▶ [WHAT YOU ARE ASKED TO DO] The word "before" marks the lines you need; copy each of them from the data.

○ ○ ○

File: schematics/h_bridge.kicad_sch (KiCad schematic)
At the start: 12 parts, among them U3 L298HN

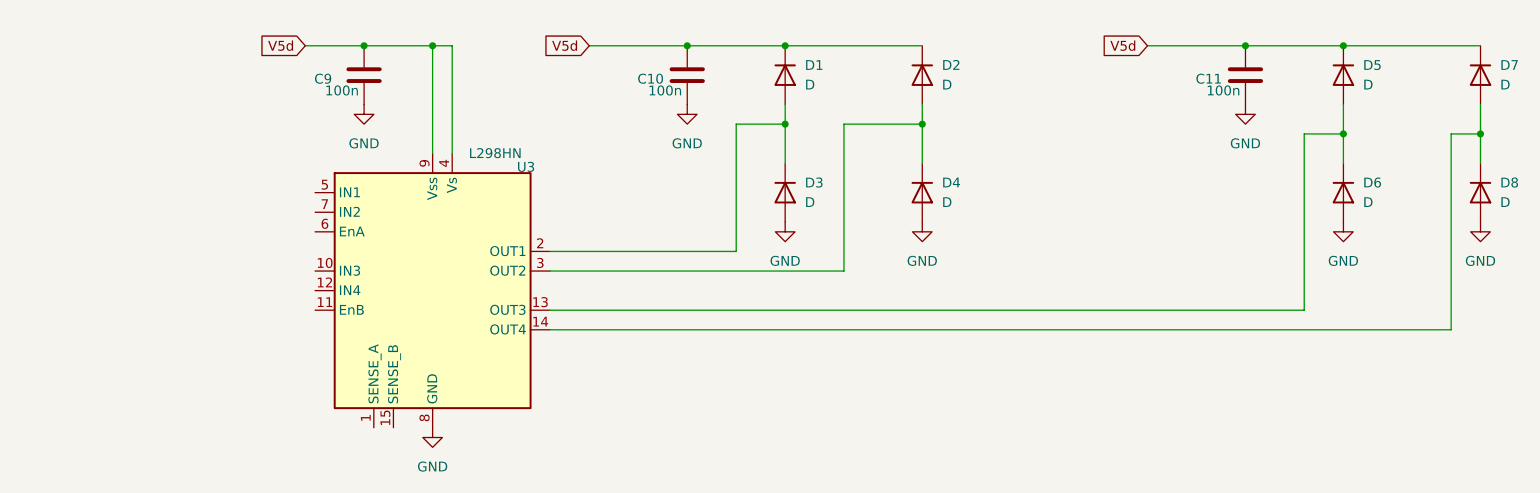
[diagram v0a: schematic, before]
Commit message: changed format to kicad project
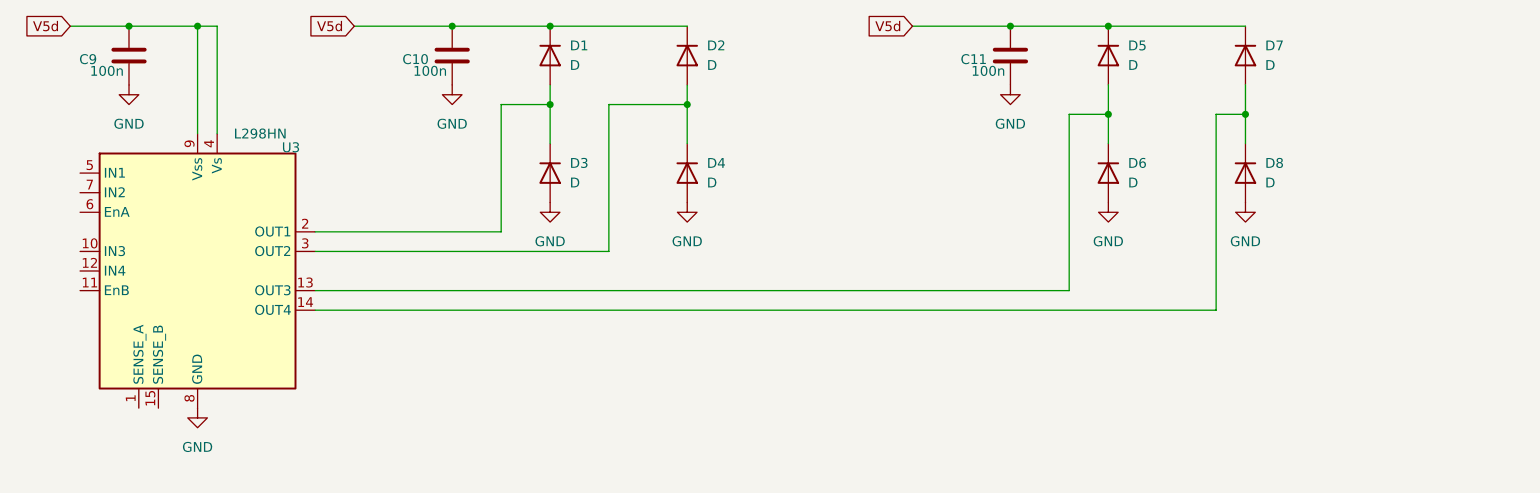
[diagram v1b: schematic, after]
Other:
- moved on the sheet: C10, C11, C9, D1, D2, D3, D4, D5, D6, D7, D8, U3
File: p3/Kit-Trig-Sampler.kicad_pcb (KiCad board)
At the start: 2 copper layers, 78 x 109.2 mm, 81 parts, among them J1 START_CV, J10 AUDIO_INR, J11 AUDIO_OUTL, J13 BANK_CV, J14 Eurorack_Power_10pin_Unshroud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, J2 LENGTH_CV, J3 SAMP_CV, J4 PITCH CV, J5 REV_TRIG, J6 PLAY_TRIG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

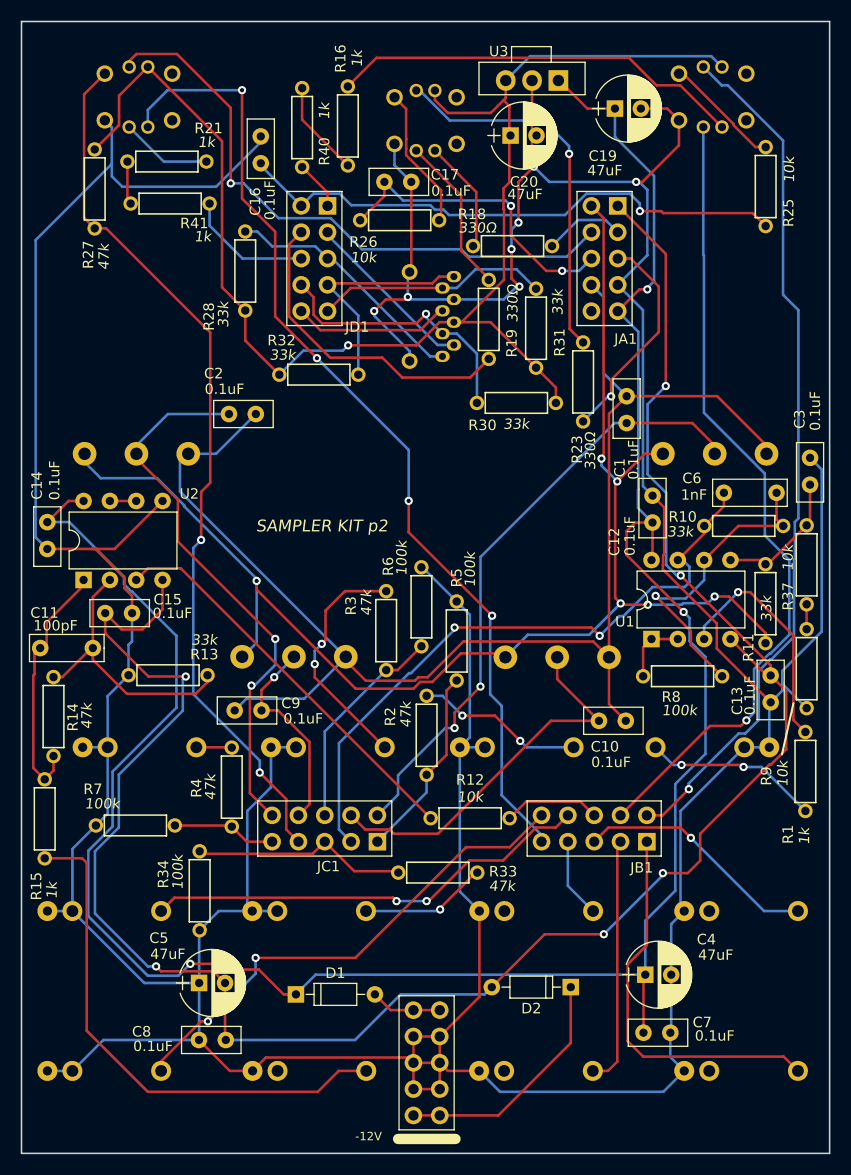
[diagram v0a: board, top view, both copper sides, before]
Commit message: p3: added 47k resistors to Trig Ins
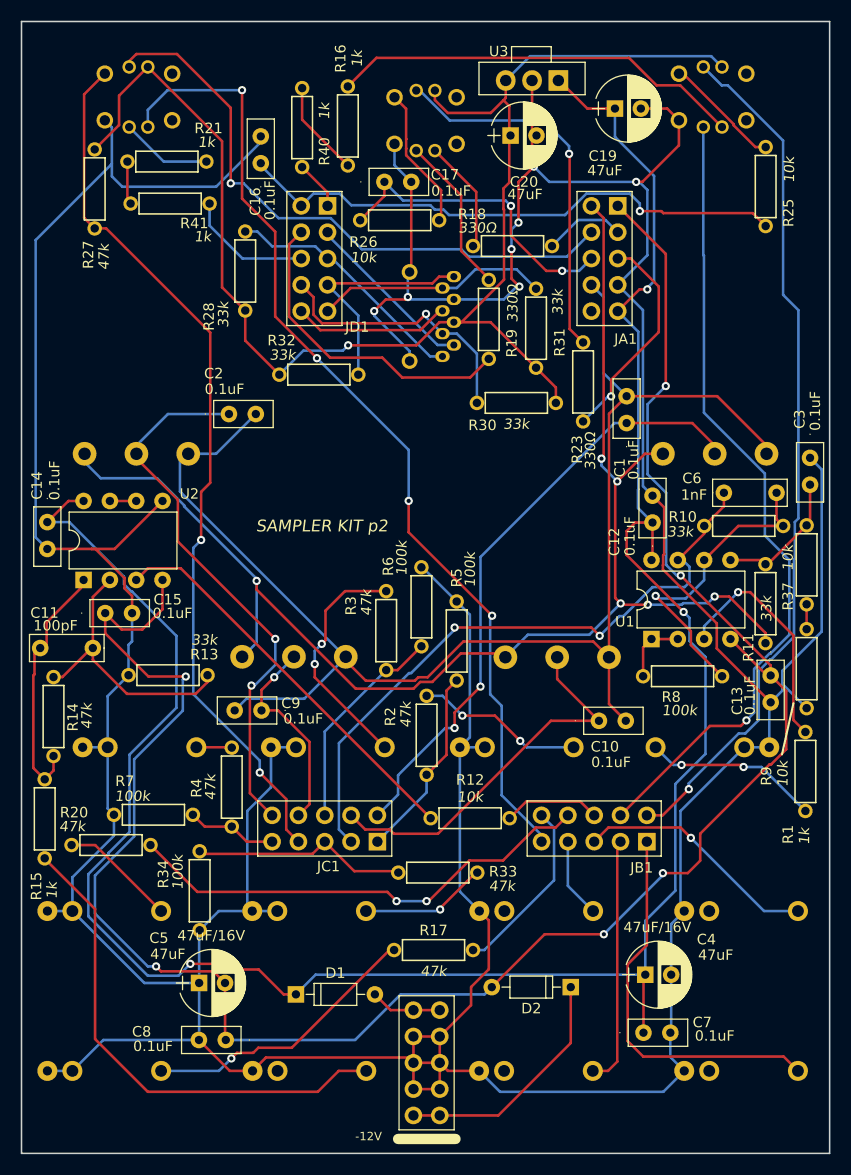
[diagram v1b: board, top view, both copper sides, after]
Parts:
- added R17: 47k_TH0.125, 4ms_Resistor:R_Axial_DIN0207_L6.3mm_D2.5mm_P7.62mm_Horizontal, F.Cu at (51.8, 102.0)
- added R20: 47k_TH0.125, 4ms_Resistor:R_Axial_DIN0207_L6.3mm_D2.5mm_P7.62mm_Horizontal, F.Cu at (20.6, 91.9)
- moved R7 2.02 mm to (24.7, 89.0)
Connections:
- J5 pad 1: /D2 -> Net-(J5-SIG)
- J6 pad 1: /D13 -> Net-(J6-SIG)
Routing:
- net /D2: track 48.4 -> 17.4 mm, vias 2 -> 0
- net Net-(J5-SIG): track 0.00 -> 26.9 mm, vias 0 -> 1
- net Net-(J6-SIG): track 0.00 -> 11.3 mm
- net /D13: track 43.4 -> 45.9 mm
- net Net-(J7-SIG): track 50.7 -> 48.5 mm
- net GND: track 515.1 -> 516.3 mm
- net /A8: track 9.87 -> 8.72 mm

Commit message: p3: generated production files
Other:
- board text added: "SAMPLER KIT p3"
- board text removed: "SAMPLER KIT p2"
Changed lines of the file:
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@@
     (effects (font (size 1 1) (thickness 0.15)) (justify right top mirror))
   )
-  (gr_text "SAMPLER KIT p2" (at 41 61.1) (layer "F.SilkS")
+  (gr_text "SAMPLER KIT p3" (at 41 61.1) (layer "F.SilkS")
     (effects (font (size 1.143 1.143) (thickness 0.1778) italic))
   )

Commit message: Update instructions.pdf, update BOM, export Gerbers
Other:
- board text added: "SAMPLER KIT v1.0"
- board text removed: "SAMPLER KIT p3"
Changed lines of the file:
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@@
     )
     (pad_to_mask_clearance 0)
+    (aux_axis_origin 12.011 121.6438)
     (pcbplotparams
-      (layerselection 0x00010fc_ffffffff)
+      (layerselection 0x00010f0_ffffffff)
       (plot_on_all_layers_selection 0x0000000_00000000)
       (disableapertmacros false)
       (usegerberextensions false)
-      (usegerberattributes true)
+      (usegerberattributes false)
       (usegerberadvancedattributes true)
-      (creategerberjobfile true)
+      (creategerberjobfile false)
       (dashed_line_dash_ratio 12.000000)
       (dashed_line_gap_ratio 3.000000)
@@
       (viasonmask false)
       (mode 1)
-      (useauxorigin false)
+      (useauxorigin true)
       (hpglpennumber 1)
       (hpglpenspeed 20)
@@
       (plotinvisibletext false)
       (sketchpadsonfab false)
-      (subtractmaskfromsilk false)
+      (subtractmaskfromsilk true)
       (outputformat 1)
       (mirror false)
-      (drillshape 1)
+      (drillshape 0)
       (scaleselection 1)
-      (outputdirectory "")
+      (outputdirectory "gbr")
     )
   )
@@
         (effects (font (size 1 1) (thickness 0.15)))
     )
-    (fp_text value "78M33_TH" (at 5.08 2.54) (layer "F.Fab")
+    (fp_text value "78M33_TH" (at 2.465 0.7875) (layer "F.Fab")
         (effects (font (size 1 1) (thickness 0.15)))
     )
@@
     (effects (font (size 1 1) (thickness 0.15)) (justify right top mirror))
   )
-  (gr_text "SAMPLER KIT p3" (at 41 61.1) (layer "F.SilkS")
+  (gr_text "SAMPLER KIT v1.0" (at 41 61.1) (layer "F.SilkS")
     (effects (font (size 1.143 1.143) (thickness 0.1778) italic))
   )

○ ○ ○

▶ [TASK ANSWER]
[diagram v0a: schematic, before]
[diagram v0a: board, top view, both copper sides, before]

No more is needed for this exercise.